Work task
Please give the entries again in full and exactly, without any picture.

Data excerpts
******************************

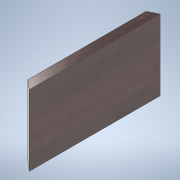
# Autodesk Inventor part: WinchWall-ver1-1111-2021
Saved by Autodesk Inventor 2021 (Build 250183000, 183)
## iProperties
Created: 2021-03-03
Part Number: WinchWall-ver1-1111-2021
Material: Generic
Document SubType Name: Modeling
Designer: CMurray
Density: 1 g/cm^3
Appearance: Wild Cherry - Wild Berries
Author: CMurray
Autodesk Inventor part; units mm, degrees
ref_plane "YZ Plane" through (0, 0, 0) normal (1, 0, 0) x (0, 1, 0)
ref_plane "XZ Plane" through (0, 0, 0) normal (0, 1, 0) x (-1, 0, 0)
ref_plane "XY Plane" through (0, 0, 0) normal (0, 0, 1) x (1, 0, 0)
sketch "Sketch2" plane through (0, 0, 0) normal (0, 1, 0) x (-1, 0, 0)
  line L0 (429.133, -156.7133) -> (429.133, -791.7227)
  line L1 (378.333, -113.257) -> (378.333, -817.2173)
  arc A0 (378.333, -817.2173) -> (429.133, -791.7227) centre (0, 0) ccw
  line L2 (429.133, -156.7133) -> (378.333, -113.257)
  point P0 (429.133, 791.7227)
  constraints: 6 end point, 2 point on circle, 1 centre point, 1 coincident, 1 point on line, 1 vertical
extrude "Extrusion2" add sketch "Sketch2" along normal blind 381
body "Solid2"
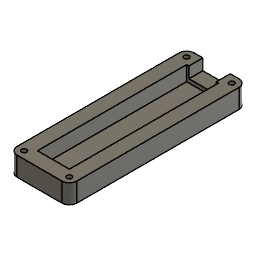
Body (Autodesk Fusion 360 design; units mm, degrees)
part number: 2026-01-31-17-47-11-439
Autodesk Fusion 360 part; units mm, degrees
sketch "Sketch1" plane through (0, 0, 0) normal (0, 1, 0) x (1, 0, 0)
  line L0 (0, 0) -> (21.6, 0)
  line L1 (21.6, 0) -> (21.6, -101)
  line L2 (21.6, -101) -> (0, -101)
  line L3 (0, -101) -> (0, 0)
  line L4 (-9.5, 9.5) -> (31.1, 9.5)
  line L5 (31.1, 9.5) -> (31.1, -110.5)
  line L6 (31.1, -110.5) -> (-9.5, -110.5)
  line L7 (-9.5, -110.5) -> (-9.5, 9.5)
  circle A0 centre (-4.5, -105.5) radius 1.7
  circle A1 centre (26.1, -105.5) radius 1.7
  circle A2 centre (26.1, 4.5) radius 1.7
  circle A3 centre (-4.5, 4.5) radius 1.7
  circle A4 centre (-4.5, 4.5) radius 3
  circle A5 centre (26.1, 4.5) radius 3
  circle A6 centre (26.1, -105.5) radius 3
  circle A7 centre (-4.5, -105.5) radius 3
  dimension "d1" = 21.6
  dimension "d2" = 101
  dimension "d3" = 40.6
  dimension "d4" = 120
  dimension "d5" = 9.5
  dimension "d6" = 9.5
  dimension "d7" = 3.4
  dimension "d8" = 3.4
  dimension "d9" = 3.4
  dimension "d10" = 3.4
  dimension "d11" = 5
  dimension "d12" = 5
  dimension "d13" = 5
  dimension "d14" = 5
  dimension "d15" = 5
  dimension "d16" = 5
  dimension "d17" = 5
  dimension "d18" = 5
  dimension "d19" = 6
  dimension "d20" = 6
  dimension "d21" = 6
  dimension "d22" = 6
  constraint horizontal L0
  constraint vertical L1
  constraint horizontal L2
  constraint vertical L3
  constraint coincident L0.start L3.end
  constraint horizontal L4
  constraint vertical L5
  constraint horizontal L6
  constraint vertical L7
  constraint concentric A3 A4
  constraint concentric A2 A5
  constraint concentric A1 A6
  constraint concentric A0 A7
  measures "d1" distance of L0.start L0.end
  measures "d2" distance of L0.start L2.end
  measures "d3" distance of L4.start L4.end
  measures "d4" distance of L4.start L6.end
  measures "d5" distance of L3 L7
  measures "d6" distance of L0 L4
  measures "d7" diameter of A0
  measures "d8" diameter of A1
  measures "d9" diameter of A2
  measures "d10" diameter of A3
  measures "d11" distance of L4 A2.centre
  measures "d12" distance of L5 A2.centre
  measures "d13" distance of L6 A1.centre
  measures "d14" distance of L5 A1.centre
  measures "d15" distance of L6 A0.centre
  measures "d16" distance of L7 A0.centre
  measures "d17" distance of L4 A3.centre
  measures "d18" distance of L7 A3.centre
  measures "d19" diameter of A4
  measures "d20" diameter of A5
  measures "d21" diameter of A6
  measures "d22" diameter of A7
extrude "Extrude1" add sketch "Sketch1" along normal blind 9.9 from surface at 3.1 contours A4 | A5 | A6 | A7 makes body 1 at (29.0963, 9.7, -4.3505) makes body 2 at (-1.5037, 9.7, -4.3505) makes body 3 at (28.6599, 9.7, 103.9357) makes body 4 at (-7.2644, 9.7, 106.6653)
extrude "Extrude2" add sketch "Sketch1" along normal blind 13 contours L4 L5 L6 L7 bodies 1 2 3 4
extrude "Extrude3" add sketch "Sketch1" along normal blind 3 contours L0 L1 L2 L3 bodies 1
sketch "Sketch2" plane through (0, 13, 0) normal (0, 1, 0) x (-1, 0, 0)
  circle A0 centre (-26.1, -4.5) radius 1.7
  circle A1 centre (4.5, 105.5) radius 1.7
  line L0 (-21.6, 101) -> (0, 101)
  line L1 (0, 101) -> (0, 0)
  line L2 (0, 0) -> (-21.6, 0)
  line L3 (-21.6, 0) -> (-21.6, 101)
  line L4 (9.5, 110.5) -> (-31.1, 110.5)
  line L5 (-31.1, 110.5) -> (-31.1, -9.5)
  line L6 (-31.1, -9.5) -> (9.5, -9.5)
  line L7 (9.5, -9.5) -> (9.5, 110.5)
  circle A2 centre (4.5, -4.5) radius 1.7
  circle A3 centre (-26.1, 105.5) radius 1.7
  line L8 (-1.55, -9.5) -> (-20.05, -9.5)
  line L9 (-20.05, -9.5) -> (-20.05, 0)
  line L10 (-20.05, 0) -> (-1.55, 0)
  line L11 (-1.55, 0) -> (-1.55, -9.5)
  dimension "d30" = 11.05
  dimension "d31" = 18.5
  constraint horizontal L8
  constraint vertical L9
  constraint horizontal L10
  constraint vertical L11
  measures "d30" distance of L6.end L8.start
  measures "d31" distance of L8.start L8.end
extrude "Extrude4" cut sketch "Sketch2" against normal blind 7.5 contours L2 L6 L8 L9 L10 L11 bodies 1
fillet "Fillet1" radius 5 4 edges at (31.1, 6.5, -9.5) (-9.5, 6.5, -9.5) (-9.5, 6.5, 110.5) (31.1, 6.5, 110.5) on bodies 1

******************************

Exercise response
# Autodesk Inventor part: WinchWall-ver1-1111-2021
Saved by Autodesk Inventor 2021 (Build 250183000, 183)
## iProperties
Created: 2021-03-03
Part Number: WinchWall-ver1-1111-2021
Material: Generic
Document SubType Name: Modeling
Designer: CMurray
Density: 1 g/cm^3
Appearance: Wild Cherry - Wild Berries
Author: CMurray
Autodesk Inventor part; units mm, degrees
ref_plane "YZ Plane" through (0, 0, 0) normal (1, 0, 0) x (0, 1, 0)
ref_plane "XZ Plane" through (0, 0, 0) normal (0, 1, 0) x (-1, 0, 0)
ref_plane "XY Plane" through (0, 0, 0) normal (0, 0, 1) x (1, 0, 0)
sketch "Sketch2" plane through (0, 0, 0) normal (0, 1, 0) x (-1, 0, 0)
  line L0 (429.133, -156.7133) -> (429.133, -791.7227)
  line L1 (378.333, -113.257) -> (378.333, -817.2173)
  arc A0 (378.333, -817.2173) -> (429.133, -791.7227) centre (0, 0) ccw
  line L2 (429.133, -156.7133) -> (378.333, -113.257)
  point P0 (429.133, 791.7227)
  constraints: 6 end point, 2 point on circle, 1 centre point, 1 coincident, 1 point on line, 1 vertical
extrude "Extrusion2" add sketch "Sketch2" along normal blind 381
body "Solid2"
Body (Autodesk Fusion 360 design; units mm, degrees)
part number: 2026-01-31-17-47-11-439
Autodesk Fusion 360 part; units mm, degrees
sketch "Sketch1" plane through (0, 0, 0) normal (0, 1, 0) x (1, 0, 0)
  line L0 (0, 0) -> (21.6, 0)
  line L1 (21.6, 0) -> (21.6, -101)
  line L2 (21.6, -101) -> (0, -101)
  line L3 (0, -101) -> (0, 0)
  line L4 (-9.5, 9.5) -> (31.1, 9.5)
  line L5 (31.1, 9.5) -> (31.1, -110.5)
  line L6 (31.1, -110.5) -> (-9.5, -110.5)
  line L7 (-9.5, -110.5) -> (-9.5, 9.5)
  circle A0 centre (-4.5, -105.5) radius 1.7
  circle A1 centre (26.1, -105.5) radius 1.7
  circle A2 centre (26.1, 4.5) radius 1.7
  circle A3 centre (-4.5, 4.5) radius 1.7
  circle A4 centre (-4.5, 4.5) radius 3
  circle A5 centre (26.1, 4.5) radius 3
  circle A6 centre (26.1, -105.5) radius 3
  circle A7 centre (-4.5, -105.5) radius 3
  dimension "d1" = 21.6
  dimension "d2" = 101
  dimension "d3" = 40.6
  dimension "d4" = 120
  dimension "d5" = 9.5
  dimension "d6" = 9.5
  dimension "d7" = 3.4
  dimension "d8" = 3.4
  dimension "d9" = 3.4
  dimension "d10" = 3.4
  dimension "d11" = 5
  dimension "d12" = 5
  dimension "d13" = 5
  dimension "d14" = 5
  dimension "d15" = 5
  dimension "d16" = 5
  dimension "d17" = 5
  dimension "d18" = 5
  dimension "d19" = 6
  dimension "d20" = 6
  dimension "d21" = 6
  dimension "d22" = 6
  constraint horizontal L0
  constraint vertical L1
  constraint horizontal L2
  constraint vertical L3
  constraint coincident L0.start L3.end
  constraint horizontal L4
  constraint vertical L5
  constraint horizontal L6
  constraint vertical L7
  constraint concentric A3 A4
  constraint concentric A2 A5
  constraint concentric A1 A6
  constraint concentric A0 A7
  measures "d1" distance of L0.start L0.end
  measures "d2" distance of L0.start L2.end
  measures "d3" distance of L4.start L4.end
  measures "d4" distance of L4.start L6.end
  measures "d5" distance of L3 L7
  measures "d6" distance of L0 L4
  measures "d7" diameter of A0
  measures "d8" diameter of A1
  measures "d9" diameter of A2
  measures "d10" diameter of A3
  measures "d11" distance of L4 A2.centre
  measures "d12" distance of L5 A2.centre
  measures "d13" distance of L6 A1.centre
  measures "d14" distance of L5 A1.centre
  measures "d15" distance of L6 A0.centre
  measures "d16" distance of L7 A0.centre
  measures "d17" distance of L4 A3.centre
  measures "d18" distance of L7 A3.centre
  measures "d19" diameter of A4
  measures "d20" diameter of A5
  measures "d21" diameter of A6
  measures "d22" diameter of A7
extrude "Extrude1" add sketch "Sketch1" along normal blind 9.9 from surface at 3.1 contours A4 | A5 | A6 | A7 makes body 1 at (29.0963, 9.7, -4.3505) makes body 2 at (-1.5037, 9.7, -4.3505) makes body 3 at (28.6599, 9.7, 103.9357) makes body 4 at (-7.2644, 9.7, 106.6653)
extrude "Extrude2" add sketch "Sketch1" along normal blind 13 contours L4 L5 L6 L7 bodies 1 2 3 4
extrude "Extrude3" add sketch "Sketch1" along normal blind 3 contours L0 L1 L2 L3 bodies 1
sketch "Sketch2" plane through (0, 13, 0) normal (0, 1, 0) x (-1, 0, 0)
  circle A0 centre (-26.1, -4.5) radius 1.7
  circle A1 centre (4.5, 105.5) radius 1.7
  line L0 (-21.6, 101) -> (0, 101)
  line L1 (0, 101) -> (0, 0)
  line L2 (0, 0) -> (-21.6, 0)
  line L3 (-21.6, 0) -> (-21.6, 101)
  line L4 (9.5, 110.5) -> (-31.1, 110.5)
  line L5 (-31.1, 110.5) -> (-31.1, -9.5)
  line L6 (-31.1, -9.5) -> (9.5, -9.5)
  line L7 (9.5, -9.5) -> (9.5, 110.5)
  circle A2 centre (4.5, -4.5) radius 1.7
  circle A3 centre (-26.1, 105.5) radius 1.7
  line L8 (-1.55, -9.5) -> (-20.05, -9.5)
  line L9 (-20.05, -9.5) -> (-20.05, 0)
  line L10 (-20.05, 0) -> (-1.55, 0)
  line L11 (-1.55, 0) -> (-1.55, -9.5)
  dimension "d30" = 11.05
  dimension "d31" = 18.5
  constraint horizontal L8
  constraint vertical L9
  constraint horizontal L10
  constraint vertical L11
  measures "d30" distance of L6.end L8.start
  measures "d31" distance of L8.start L8.end
extrude "Extrude4" cut sketch "Sketch2" against normal blind 7.5 contours L2 L6 L8 L9 L10 L11 bodies 1
fillet "Fillet1" radius 5 4 edges at (31.1, 6.5, -9.5) (-9.5, 6.5, -9.5) (-9.5, 6.5, 110.5) (31.1, 6.5, 110.5) on bodies 1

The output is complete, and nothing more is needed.